__Data to use__:
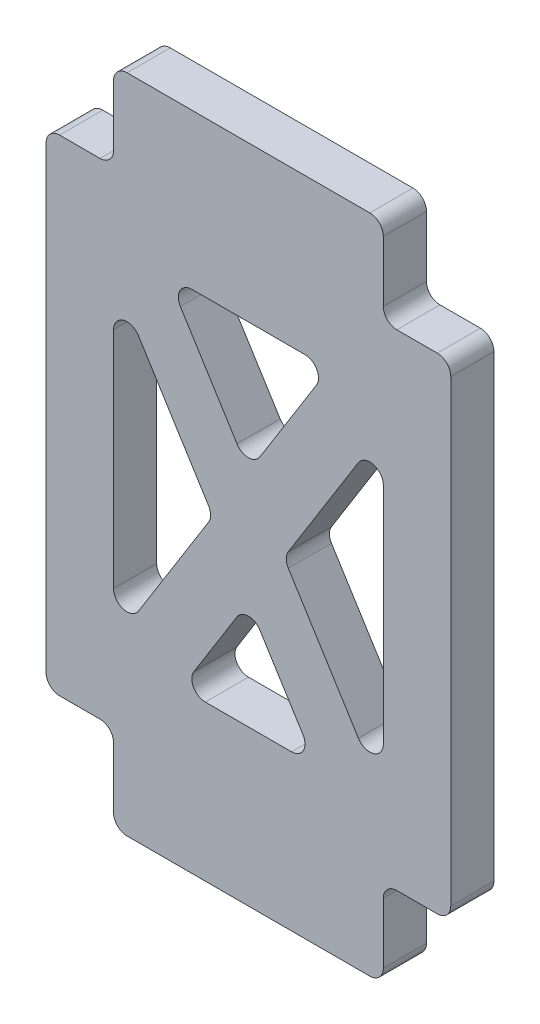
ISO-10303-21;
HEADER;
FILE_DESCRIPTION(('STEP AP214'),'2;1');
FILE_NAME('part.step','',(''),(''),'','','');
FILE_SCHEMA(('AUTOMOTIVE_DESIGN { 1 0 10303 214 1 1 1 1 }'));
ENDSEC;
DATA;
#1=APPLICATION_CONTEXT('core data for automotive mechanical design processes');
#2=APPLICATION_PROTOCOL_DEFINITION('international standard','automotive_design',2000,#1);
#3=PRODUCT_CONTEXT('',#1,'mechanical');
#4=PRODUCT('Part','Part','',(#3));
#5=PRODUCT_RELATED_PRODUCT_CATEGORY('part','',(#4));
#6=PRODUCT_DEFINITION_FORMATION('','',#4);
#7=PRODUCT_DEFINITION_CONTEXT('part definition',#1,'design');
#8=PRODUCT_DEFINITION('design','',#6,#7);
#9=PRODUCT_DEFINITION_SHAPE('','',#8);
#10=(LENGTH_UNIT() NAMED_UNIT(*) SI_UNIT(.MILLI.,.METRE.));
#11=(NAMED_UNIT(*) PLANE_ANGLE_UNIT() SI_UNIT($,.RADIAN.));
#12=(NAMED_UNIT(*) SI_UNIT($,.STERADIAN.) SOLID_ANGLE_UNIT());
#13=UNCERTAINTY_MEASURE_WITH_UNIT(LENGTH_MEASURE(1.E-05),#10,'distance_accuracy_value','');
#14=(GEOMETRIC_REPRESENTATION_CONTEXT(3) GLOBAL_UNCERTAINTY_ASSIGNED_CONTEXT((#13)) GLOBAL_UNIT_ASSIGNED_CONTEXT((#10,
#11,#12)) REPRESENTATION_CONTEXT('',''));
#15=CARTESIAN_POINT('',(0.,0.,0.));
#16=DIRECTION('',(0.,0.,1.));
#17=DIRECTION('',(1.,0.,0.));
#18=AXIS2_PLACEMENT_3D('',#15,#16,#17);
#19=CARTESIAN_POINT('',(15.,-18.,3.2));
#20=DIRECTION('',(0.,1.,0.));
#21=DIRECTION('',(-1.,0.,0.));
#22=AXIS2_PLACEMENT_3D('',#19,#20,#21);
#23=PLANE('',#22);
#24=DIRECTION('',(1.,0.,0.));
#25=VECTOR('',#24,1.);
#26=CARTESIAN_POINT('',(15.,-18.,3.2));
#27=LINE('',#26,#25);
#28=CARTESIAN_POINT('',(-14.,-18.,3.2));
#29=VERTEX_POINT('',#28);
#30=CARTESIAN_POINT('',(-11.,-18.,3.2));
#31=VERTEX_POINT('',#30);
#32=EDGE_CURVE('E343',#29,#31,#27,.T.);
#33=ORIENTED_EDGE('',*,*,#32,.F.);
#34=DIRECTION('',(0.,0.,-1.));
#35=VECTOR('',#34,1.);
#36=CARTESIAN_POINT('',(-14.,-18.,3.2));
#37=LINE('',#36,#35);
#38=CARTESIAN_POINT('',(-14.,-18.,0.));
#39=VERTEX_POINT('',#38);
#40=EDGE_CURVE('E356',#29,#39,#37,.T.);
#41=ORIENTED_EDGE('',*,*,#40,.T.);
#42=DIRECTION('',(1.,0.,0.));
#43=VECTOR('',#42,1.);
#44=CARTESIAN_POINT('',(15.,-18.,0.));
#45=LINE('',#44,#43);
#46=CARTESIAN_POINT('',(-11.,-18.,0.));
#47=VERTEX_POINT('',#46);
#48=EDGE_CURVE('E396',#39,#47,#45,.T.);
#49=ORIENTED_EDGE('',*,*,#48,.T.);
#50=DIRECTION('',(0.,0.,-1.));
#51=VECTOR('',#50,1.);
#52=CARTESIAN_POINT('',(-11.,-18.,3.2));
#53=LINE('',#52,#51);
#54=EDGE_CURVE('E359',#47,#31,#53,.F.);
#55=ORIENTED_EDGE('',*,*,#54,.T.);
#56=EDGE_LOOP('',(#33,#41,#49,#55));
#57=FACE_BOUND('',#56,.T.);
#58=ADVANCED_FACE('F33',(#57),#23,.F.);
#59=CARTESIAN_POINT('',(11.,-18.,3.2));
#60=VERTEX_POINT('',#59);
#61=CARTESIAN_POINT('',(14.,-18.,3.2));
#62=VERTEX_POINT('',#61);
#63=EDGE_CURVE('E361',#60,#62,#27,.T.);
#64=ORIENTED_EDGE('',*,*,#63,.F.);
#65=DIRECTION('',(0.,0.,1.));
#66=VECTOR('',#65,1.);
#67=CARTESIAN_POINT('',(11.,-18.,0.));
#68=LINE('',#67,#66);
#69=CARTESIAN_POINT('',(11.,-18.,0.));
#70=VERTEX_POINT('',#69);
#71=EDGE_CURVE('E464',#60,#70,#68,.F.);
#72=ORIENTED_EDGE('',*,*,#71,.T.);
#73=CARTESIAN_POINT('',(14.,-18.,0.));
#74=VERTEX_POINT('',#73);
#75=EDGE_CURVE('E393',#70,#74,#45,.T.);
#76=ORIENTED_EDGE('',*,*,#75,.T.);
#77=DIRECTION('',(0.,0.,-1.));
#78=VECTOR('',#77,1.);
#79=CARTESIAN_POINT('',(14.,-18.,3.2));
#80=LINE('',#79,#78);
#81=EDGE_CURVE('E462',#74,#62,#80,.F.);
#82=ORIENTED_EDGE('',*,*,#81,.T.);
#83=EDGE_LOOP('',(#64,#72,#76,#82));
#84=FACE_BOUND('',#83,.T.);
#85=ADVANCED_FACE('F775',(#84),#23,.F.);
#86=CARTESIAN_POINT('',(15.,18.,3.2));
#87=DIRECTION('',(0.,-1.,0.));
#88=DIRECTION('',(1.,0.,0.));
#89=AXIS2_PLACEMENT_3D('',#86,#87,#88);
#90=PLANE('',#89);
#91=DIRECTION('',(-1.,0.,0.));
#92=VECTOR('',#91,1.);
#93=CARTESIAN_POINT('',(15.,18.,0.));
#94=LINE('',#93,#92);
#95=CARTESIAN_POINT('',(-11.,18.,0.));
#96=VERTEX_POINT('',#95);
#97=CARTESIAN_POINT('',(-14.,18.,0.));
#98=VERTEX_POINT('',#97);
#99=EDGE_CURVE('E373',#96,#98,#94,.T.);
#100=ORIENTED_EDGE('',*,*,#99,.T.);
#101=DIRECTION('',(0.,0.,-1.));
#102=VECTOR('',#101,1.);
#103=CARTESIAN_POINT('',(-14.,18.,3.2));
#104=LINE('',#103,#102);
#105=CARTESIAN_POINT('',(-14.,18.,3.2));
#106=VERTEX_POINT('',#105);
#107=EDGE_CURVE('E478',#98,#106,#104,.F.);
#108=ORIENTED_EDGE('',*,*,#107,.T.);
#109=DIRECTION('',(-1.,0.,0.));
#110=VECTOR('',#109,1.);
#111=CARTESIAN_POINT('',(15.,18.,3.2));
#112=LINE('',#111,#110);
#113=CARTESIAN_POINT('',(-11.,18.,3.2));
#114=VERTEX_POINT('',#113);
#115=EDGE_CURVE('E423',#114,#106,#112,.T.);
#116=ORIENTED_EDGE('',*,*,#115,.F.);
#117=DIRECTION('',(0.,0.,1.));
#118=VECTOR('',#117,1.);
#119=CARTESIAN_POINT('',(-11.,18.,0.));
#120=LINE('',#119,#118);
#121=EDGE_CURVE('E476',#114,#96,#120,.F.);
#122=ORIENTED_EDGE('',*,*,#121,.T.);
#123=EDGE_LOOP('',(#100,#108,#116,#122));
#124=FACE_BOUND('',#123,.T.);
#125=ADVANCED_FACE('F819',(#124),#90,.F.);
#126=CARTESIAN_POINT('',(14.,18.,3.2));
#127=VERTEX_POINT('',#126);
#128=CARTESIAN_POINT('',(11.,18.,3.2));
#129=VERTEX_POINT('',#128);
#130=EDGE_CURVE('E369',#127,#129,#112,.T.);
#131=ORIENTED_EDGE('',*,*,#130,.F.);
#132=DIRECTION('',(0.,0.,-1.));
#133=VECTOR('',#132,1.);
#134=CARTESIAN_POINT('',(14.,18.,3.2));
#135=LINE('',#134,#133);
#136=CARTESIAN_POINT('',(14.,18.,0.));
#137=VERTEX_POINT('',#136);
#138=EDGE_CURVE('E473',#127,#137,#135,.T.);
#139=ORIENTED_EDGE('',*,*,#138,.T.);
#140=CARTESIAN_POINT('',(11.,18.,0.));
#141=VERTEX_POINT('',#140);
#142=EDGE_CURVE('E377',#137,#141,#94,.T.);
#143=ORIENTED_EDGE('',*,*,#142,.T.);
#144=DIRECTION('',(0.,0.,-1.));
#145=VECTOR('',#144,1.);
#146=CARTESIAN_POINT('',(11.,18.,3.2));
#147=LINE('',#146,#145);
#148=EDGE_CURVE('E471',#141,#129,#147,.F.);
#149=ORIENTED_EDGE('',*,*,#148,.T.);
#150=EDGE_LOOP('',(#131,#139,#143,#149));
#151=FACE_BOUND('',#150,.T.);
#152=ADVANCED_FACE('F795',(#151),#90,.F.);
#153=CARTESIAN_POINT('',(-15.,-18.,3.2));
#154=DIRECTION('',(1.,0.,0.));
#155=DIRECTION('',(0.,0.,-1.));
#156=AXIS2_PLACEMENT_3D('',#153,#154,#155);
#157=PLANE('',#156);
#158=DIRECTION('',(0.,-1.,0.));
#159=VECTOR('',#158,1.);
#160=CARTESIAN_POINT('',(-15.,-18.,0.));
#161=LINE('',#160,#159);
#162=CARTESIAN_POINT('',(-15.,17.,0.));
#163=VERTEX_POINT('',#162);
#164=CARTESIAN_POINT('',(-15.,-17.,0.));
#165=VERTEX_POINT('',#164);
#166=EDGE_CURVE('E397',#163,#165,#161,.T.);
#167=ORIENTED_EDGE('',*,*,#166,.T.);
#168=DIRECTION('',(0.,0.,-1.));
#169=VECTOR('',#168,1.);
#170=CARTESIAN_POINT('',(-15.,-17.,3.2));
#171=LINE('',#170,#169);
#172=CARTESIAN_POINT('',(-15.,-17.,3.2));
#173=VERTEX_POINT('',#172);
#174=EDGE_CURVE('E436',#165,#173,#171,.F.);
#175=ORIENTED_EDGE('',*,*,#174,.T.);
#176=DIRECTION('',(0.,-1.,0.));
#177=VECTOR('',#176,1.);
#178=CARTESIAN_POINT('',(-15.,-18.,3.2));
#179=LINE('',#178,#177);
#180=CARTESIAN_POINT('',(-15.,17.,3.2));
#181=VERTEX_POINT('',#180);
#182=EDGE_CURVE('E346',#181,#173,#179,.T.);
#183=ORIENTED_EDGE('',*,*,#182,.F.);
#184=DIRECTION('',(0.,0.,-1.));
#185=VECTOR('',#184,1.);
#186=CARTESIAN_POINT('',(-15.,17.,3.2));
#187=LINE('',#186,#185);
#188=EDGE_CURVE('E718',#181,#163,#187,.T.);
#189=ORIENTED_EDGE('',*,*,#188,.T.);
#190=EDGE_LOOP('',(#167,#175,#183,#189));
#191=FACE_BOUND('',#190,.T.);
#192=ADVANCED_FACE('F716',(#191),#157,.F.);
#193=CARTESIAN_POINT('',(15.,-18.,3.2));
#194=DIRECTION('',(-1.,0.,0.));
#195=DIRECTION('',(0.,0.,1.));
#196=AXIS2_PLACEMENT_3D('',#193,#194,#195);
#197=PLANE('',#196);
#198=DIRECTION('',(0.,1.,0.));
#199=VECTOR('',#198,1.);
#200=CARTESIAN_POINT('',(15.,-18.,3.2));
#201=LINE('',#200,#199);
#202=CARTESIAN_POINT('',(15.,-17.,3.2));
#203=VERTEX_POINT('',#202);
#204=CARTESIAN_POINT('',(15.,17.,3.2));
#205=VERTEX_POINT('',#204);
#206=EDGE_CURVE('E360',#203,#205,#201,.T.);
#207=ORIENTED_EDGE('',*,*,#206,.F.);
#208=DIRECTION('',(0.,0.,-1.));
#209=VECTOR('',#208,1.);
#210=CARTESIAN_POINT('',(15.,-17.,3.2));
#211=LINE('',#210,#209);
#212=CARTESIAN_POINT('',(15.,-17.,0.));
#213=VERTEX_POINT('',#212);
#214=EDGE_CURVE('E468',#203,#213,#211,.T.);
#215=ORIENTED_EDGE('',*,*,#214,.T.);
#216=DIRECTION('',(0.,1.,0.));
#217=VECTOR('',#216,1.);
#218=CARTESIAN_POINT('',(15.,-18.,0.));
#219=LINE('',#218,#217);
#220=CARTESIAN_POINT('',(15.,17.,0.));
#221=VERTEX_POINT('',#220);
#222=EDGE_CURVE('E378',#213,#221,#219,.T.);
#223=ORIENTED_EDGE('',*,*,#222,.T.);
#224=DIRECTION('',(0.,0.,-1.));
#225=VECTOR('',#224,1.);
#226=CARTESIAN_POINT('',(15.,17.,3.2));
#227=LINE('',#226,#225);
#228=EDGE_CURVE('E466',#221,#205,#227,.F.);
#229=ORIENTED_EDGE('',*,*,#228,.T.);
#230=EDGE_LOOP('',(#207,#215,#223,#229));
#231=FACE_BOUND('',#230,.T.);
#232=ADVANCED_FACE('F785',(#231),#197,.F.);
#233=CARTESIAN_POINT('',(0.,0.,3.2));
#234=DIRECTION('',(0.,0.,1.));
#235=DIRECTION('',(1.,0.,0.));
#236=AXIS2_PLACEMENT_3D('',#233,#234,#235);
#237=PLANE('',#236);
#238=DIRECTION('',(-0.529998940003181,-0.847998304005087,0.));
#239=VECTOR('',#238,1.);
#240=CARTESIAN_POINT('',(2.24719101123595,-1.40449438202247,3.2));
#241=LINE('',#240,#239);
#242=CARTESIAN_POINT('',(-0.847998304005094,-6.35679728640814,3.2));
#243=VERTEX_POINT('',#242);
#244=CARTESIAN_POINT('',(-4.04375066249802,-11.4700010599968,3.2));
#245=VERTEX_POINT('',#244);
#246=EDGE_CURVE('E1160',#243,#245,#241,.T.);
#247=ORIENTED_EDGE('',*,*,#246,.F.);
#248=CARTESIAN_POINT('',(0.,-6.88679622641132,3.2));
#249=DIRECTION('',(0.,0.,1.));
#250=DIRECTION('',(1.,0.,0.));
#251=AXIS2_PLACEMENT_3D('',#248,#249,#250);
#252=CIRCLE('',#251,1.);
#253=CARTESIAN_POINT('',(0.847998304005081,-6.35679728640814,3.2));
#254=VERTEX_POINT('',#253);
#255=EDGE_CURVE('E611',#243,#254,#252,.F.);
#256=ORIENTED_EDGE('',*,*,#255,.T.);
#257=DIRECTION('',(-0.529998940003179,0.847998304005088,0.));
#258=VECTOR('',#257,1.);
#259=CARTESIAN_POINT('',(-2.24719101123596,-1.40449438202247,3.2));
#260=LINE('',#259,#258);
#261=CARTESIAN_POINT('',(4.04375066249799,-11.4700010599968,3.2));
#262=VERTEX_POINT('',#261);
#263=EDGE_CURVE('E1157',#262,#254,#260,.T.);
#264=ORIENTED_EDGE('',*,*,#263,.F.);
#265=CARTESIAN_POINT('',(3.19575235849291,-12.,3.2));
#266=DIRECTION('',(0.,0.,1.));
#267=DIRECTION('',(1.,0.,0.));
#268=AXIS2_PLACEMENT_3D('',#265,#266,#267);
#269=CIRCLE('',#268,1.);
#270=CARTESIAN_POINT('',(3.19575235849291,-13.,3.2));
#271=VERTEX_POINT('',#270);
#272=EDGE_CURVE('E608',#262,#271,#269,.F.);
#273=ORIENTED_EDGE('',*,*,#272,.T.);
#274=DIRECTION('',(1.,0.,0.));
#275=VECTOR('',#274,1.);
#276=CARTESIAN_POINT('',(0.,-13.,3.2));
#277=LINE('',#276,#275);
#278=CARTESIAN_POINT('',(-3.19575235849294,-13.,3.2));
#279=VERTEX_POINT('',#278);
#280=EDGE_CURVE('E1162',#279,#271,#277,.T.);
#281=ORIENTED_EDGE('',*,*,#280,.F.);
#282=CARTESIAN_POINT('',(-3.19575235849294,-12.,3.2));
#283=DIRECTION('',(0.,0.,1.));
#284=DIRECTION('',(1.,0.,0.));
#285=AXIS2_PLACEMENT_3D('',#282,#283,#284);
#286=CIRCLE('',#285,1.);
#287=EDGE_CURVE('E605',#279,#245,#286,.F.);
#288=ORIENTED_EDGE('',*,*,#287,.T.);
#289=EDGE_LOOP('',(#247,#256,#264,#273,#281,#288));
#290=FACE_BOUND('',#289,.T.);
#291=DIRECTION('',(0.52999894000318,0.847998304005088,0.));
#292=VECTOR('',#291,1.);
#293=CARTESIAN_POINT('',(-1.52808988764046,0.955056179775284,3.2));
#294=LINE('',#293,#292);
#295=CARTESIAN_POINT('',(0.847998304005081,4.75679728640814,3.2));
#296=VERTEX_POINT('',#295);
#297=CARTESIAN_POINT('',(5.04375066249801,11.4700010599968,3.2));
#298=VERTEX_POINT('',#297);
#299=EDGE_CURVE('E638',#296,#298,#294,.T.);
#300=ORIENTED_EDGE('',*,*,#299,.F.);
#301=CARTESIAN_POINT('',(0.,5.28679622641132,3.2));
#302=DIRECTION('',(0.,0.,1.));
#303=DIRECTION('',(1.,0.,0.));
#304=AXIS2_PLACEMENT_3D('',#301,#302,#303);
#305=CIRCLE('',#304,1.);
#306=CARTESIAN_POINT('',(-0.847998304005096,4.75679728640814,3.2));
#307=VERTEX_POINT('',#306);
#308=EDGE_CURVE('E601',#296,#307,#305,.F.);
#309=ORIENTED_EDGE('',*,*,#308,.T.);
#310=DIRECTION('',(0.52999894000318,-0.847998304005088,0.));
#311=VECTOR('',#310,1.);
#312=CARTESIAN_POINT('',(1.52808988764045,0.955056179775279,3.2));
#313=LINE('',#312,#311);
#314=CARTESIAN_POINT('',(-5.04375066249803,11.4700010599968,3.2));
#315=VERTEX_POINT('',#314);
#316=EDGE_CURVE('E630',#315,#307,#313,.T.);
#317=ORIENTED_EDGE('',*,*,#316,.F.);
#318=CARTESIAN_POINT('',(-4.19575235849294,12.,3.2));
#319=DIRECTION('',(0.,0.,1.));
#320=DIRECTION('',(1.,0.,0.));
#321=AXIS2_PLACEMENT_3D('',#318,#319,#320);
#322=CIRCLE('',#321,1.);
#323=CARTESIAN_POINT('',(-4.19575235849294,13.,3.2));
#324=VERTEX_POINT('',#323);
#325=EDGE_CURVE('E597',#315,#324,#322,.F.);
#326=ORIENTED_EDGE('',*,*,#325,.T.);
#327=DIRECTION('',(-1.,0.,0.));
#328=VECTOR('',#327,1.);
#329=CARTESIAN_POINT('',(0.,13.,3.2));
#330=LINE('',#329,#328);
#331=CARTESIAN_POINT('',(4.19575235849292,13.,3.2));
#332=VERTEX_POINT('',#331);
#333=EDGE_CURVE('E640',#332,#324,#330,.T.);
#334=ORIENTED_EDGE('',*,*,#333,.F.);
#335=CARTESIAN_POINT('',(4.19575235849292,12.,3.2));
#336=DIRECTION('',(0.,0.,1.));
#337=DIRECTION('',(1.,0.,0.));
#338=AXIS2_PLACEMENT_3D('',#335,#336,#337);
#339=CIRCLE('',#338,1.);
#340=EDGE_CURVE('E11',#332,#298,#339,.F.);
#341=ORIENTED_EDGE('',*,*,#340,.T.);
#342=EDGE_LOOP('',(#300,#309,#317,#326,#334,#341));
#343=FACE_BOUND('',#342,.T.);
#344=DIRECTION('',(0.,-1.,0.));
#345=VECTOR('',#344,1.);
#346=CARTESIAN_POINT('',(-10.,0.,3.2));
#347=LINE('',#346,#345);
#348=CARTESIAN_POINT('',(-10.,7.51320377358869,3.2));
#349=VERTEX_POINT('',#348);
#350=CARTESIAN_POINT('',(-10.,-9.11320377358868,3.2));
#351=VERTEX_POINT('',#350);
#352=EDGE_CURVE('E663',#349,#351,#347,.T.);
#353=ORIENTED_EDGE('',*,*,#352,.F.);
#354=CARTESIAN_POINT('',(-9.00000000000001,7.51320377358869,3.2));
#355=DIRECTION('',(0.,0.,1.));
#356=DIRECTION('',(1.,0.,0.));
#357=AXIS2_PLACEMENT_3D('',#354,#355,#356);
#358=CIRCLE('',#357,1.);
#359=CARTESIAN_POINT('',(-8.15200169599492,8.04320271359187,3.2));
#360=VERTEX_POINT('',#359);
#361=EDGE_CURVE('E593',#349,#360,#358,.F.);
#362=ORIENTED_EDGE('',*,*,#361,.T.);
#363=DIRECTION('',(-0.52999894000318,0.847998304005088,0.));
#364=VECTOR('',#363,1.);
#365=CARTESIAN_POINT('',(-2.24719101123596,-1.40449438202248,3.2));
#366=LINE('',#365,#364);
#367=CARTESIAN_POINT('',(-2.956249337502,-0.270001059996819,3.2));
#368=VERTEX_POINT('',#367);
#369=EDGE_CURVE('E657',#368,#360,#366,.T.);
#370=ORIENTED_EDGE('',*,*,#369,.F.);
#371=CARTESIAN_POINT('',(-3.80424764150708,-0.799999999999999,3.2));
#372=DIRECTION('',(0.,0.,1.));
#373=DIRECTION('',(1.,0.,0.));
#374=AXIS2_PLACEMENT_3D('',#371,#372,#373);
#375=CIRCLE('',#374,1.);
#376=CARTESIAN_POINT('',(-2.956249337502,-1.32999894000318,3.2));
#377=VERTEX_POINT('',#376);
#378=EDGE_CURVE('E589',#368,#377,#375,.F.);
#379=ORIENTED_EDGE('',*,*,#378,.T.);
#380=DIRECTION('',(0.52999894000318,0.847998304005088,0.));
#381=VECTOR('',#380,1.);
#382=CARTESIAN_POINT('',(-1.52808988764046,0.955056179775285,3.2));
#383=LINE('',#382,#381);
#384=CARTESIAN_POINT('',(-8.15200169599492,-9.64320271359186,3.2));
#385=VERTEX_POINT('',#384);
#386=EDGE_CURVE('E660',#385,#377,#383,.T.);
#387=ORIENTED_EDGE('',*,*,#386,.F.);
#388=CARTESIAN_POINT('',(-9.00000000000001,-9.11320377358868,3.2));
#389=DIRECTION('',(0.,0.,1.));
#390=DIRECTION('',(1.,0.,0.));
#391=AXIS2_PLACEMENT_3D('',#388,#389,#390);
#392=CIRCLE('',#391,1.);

__Exercise prompt__:
Could you write out, exactly as they stand, only the lines above that begin at the line with "#167=ORIENTED_EDGE('',*,*,#166,.T.);" and stop after the line with "#174=EDGE_CURVE('E436',#165,#173,#171,.F.);"?

__Written solution__:
#167=ORIENTED_EDGE('',*,*,#166,.T.);
#168=DIRECTION('',(0.,0.,-1.));
#169=VECTOR('',#168,1.);
#170=CARTESIAN_POINT('',(-15.,-17.,3.2));
#171=LINE('',#170,#169);
#172=CARTESIAN_POINT('',(-15.,-17.,3.2));
#173=VERTEX_POINT('',#172);
#174=EDGE_CURVE('E436',#165,#173,#171,.F.);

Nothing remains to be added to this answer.